Don't really live up to their name though.


----------



## Alex M (May 28, 2008)

Pleased you like 'em Ben, Lizard, and Morgan. I guess i need to be more of a member on here (some may say i am HAHA) for them to get the oooh's and aaaah's... 

They really do vary in colour alot, and this can change between te same animal from day to day - the pics genuinely don't do the reds or greens justice.


----------



## Alex M (May 28, 2008)

Don't you believe it Ipreferaflan - as i say they really can vary on a day to day basis, some are 'more' green. And it should be pointed out that these are real youngsters - just like alot of anurans the colours develop more vividly as they grow, this picture is a good example of developing colours in juveniles, compare the red on the paratoids of the slightly larger female to the younger female, it's starting to come through - by the time they're fully adult they're truly stunning.


----------



## Alex M (May 28, 2008)

And a viridis juvenile from GREECE, as mentioned in thread, like many juvenile anurans the colours are yet to develop...


----------



## Morgan Freeman (Jan 14, 2009)

What are they like to keep? Looks wise they're one of my fave toads.


----------



## Alex M (May 28, 2008)

Morgan Freeman said:


> What are they like to keep? Looks wise they're one of my fave toads.

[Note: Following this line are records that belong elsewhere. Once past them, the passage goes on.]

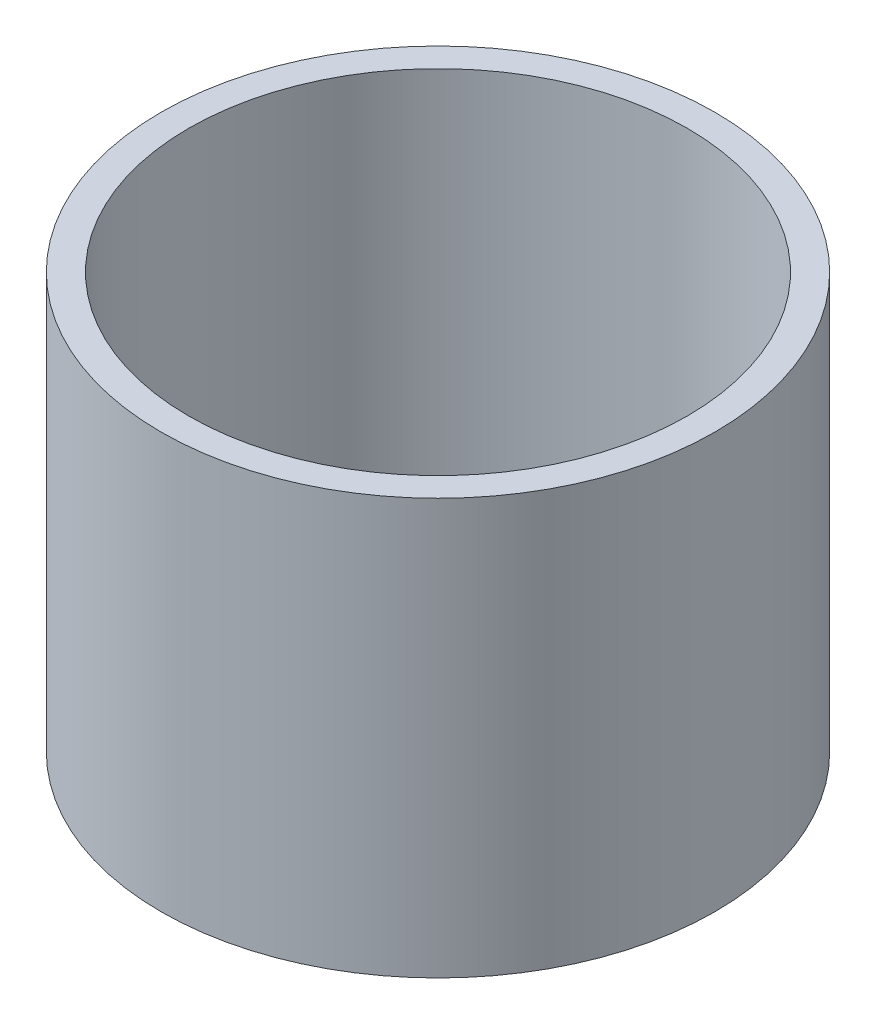
from build123d import *

# Parameters (mm, degrees)
ESBO_O2_R                = 100
ESBO_O2_R_2              = 90
RESSALTO_EXTRUS_O2_DEPTH = 150


with BuildPart() as part:
    # Esboço2 → Ressalto-extrusão2 (new body)
    with BuildSketch(Plane(origin=(0, 0, 0), x_dir=(1, 0, 0), z_dir=(0, 1, 0))):
        Circle(ESBO_O2_R)
        Circle(ESBO_O2_R_2, mode=Mode.SUBTRACT)
    extrude(amount=RESSALTO_EXTRUS_O2_DEPTH)


solid = part.part
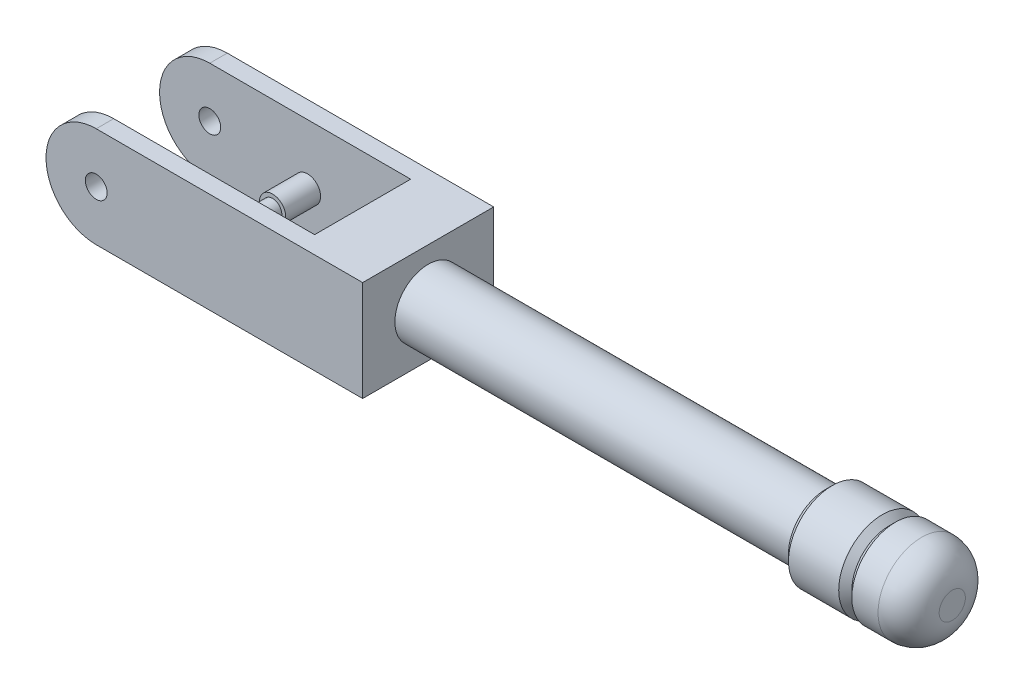
from build123d import *

# Parameters (mm, degrees)
SALIENTE_EXTRUIR1_DEPTH = 60
CORTAR_EXTRUIR1_REACH   = 135.791
CROQUIS3_W              = 115.000008821
CROQUIS3_H              = 44
CROQUIS6_R              = 6
SALIENTE_EXTRUIR4_DEPTH = 16
CROQUIS7_R              = 4.25
SALIENTE_EXTRUIR5_DEPTH = 12
SALIENTE_EXTRUIR6_REACH = 131.263
CROQUIS8_R              = 6
CROQUIS9_R              = 15.25
SALIENTE_EXTRUIR7_DEPTH = 182
CROQUIS10_R             = 20
SALIENTE_EXTRUIR8_DEPTH = 29
CHAFL_N1_SIZE           = 3
CHAFL_N2_SIZE           = 3
CROQUIS11_R             = 20
SALIENTE_EXTRUIR9_DEPTH = 29
CHAFL_N3_SIZE           = 3
REDONDEO1_R             = 14
CROQUIS12_R             = 5
CORTAR_EXTRUIR2_DEPTH   = 368.658817909


with BuildPart() as part:
    # Croquis1 → Saliente-Extruir1 (new body)
    with BuildSketch(Plane.XY.offset(30)):
        with BuildLine():
            Line((122.000008821, -23), (122.000008821, 23))
            Line((122.000008821, 23), (0, 23))
            ThreePointArc((0, 23), (-23, 0), (0, -23))
            Line((0, -23), (122.000008821, -23))
        make_face()
    extrude(amount=-SALIENTE_EXTRUIR1_DEPTH)

    # Croquis3 → Cortar-Extruir1 (cut, up to next)
    with BuildSketch(Plane(origin=(0, 23, 0), x_dir=(1, 0, 0), z_dir=(0, 1, 0)), mode=Mode.PRIVATE) as cortar_extruir1_sk1:
        with Locations((34.500004411, 0)):
            Rectangle(CROQUIS3_W, CROQUIS3_H)
    cortar_extruir1_tool1 = extrude(cortar_extruir1_sk1.sketch, amount=-CORTAR_EXTRUIR1_REACH, mode=Mode.PRIVATE) & part.part
    add(cortar_extruir1_tool1.solids().sort_by_distance((34.500004, 23, 0))[0], mode=Mode.SUBTRACT)

    # Croquis6 → Saliente-Extruir4 (add)
    with BuildSketch(Plane.XY.offset(-22)):
        with Locations(Location((44.750008821, -4.5, 0), (0, 0, 180))):
            Circle(CROQUIS6_R)
    extrude(amount=SALIENTE_EXTRUIR4_DEPTH)

    # Croquis7 → Saliente-Extruir5 (add)
    with BuildSketch(Plane.XY.offset(-6)):
        with Locations((44.750008821, -4.5)):
            Circle(CROQUIS7_R)
    extrude(amount=SALIENTE_EXTRUIR5_DEPTH)

    # Croquis8 → Saliente-Extruir6 (add, up to next)
    with BuildSketch(Plane.XY.offset(6), mode=Mode.PRIVATE) as saliente_extruir6_sk1:
        with Locations(Location((44.750008821, -4.5, 0), (0, 0, 180))):
            Circle(CROQUIS8_R)
    saliente_extruir6_tool1 = extrude(saliente_extruir6_sk1.sketch, amount=SALIENTE_EXTRUIR6_REACH, mode=Mode.PRIVATE) - part.part
    add(saliente_extruir6_tool1.solids().sort_by_distance((44.750009, -4.5, 6))[0])

    # Croquis9 → Saliente-Extruir7 (add)
    with BuildSketch(Plane(origin=(122.000008821, 0, 0), x_dir=(0, 0, -1), z_dir=(1, 0, 0))):
        Circle(CROQUIS9_R)
    extrude(amount=SALIENTE_EXTRUIR7_DEPTH)

    # Croquis10 → Saliente-Extruir8 (add)
    with BuildSketch(Plane(origin=(304.000008821, 0, 0), x_dir=(0, 0, -1), z_dir=(1, 0, 0))):
        with Locations(Location((0, 0, 0), (0, 0, 180))):
            Circle(CROQUIS10_R)
    extrude(amount=SALIENTE_EXTRUIR8_DEPTH)

    # Chaflán1
    chafl_n1_edges = [part.edges().sort_by_distance(p)[0] for p in [
        (304.000008821, 0, -20),
    ]]
    chamfer(chafl_n1_edges, length=CHAFL_N1_SIZE)

    # Chaflán2
    chafl_n2_edges = [part.edges().sort_by_distance(p)[0] for p in [
        (333.000008821, 0, -20),
    ]]
    chamfer(chafl_n2_edges, length=CHAFL_N2_SIZE)

    # Croquis11 → Saliente-Extruir9 (add)
    with BuildSketch(Plane(origin=(333.000008821, 0, 0), x_dir=(0, 0, -1), z_dir=(1, 0, 0))):
        with Locations(Location((0, 0, 0), (0, 0, 180))):
            Circle(CROQUIS11_R)
    extrude(amount=SALIENTE_EXTRUIR9_DEPTH)

    # Chaflán3
    chafl_n3_edges = [part.edges().sort_by_distance(p)[0] for p in [
        (333.000008821, 0, -20),
    ]]
    chamfer(chafl_n3_edges, length=CHAFL_N3_SIZE - 0.0001)  # a hair under: the kernel refuses the full size

    # Redondeo1
    redondeo1_edges = [part.edges().sort_by_distance(p)[0] for p in [
        (362.000008821, 0, -20),
    ]]
    fillet(redondeo1_edges, radius=REDONDEO1_R)

    # Croquis12 → Cortar-Extruir2 (cut, through all)
    with BuildSketch(Plane.XY.offset(30)):
        Circle(CROQUIS12_R)
    extrude(amount=-CORTAR_EXTRUIR2_DEPTH, mode=Mode.SUBTRACT)


solid = part.part

They're very easy to keep. Wait till the adults are out of hibernation and i'll get you some outdoor vivarium shots of some truly beautiful toads. They're typically nervous to start with but most individuals get very tame in time. The Greeks i have on a limestone/clay mix substrate indoors and out, the Italians are on limestone/limestone gravel/sand mix indoors/out.


----------



## LIZARD (Oct 31, 2007)

cant wait to see more pics of these lush dudes:2thumb:


----------



## Alex M (May 28, 2008)

LIZARD said:


> cant wait to see more pics of these lush dudes:2thumb:


----------



## Alex M (May 28, 2008)

Here's one for you Lizard and a couple of other things (excuse poor photo quality)...


----------



## colinm (Sep 20, 2008)

They are nice toads.I keep brongersemai which remind me of miniature versions although their lifestyle is different.they are cheaper on the food bill as well.
Are those Common Midwife Toads/The variegata are a nice yellow.


----------



## Alex M (May 28, 2008)

colinm said:


> They are nice toads.I keep brongersemai which remind me of miniature versions although their lifestyle is different.they are cheaper on the food bill as well.
> Are those Common Midwife Toads/The variegata are a nice yellow.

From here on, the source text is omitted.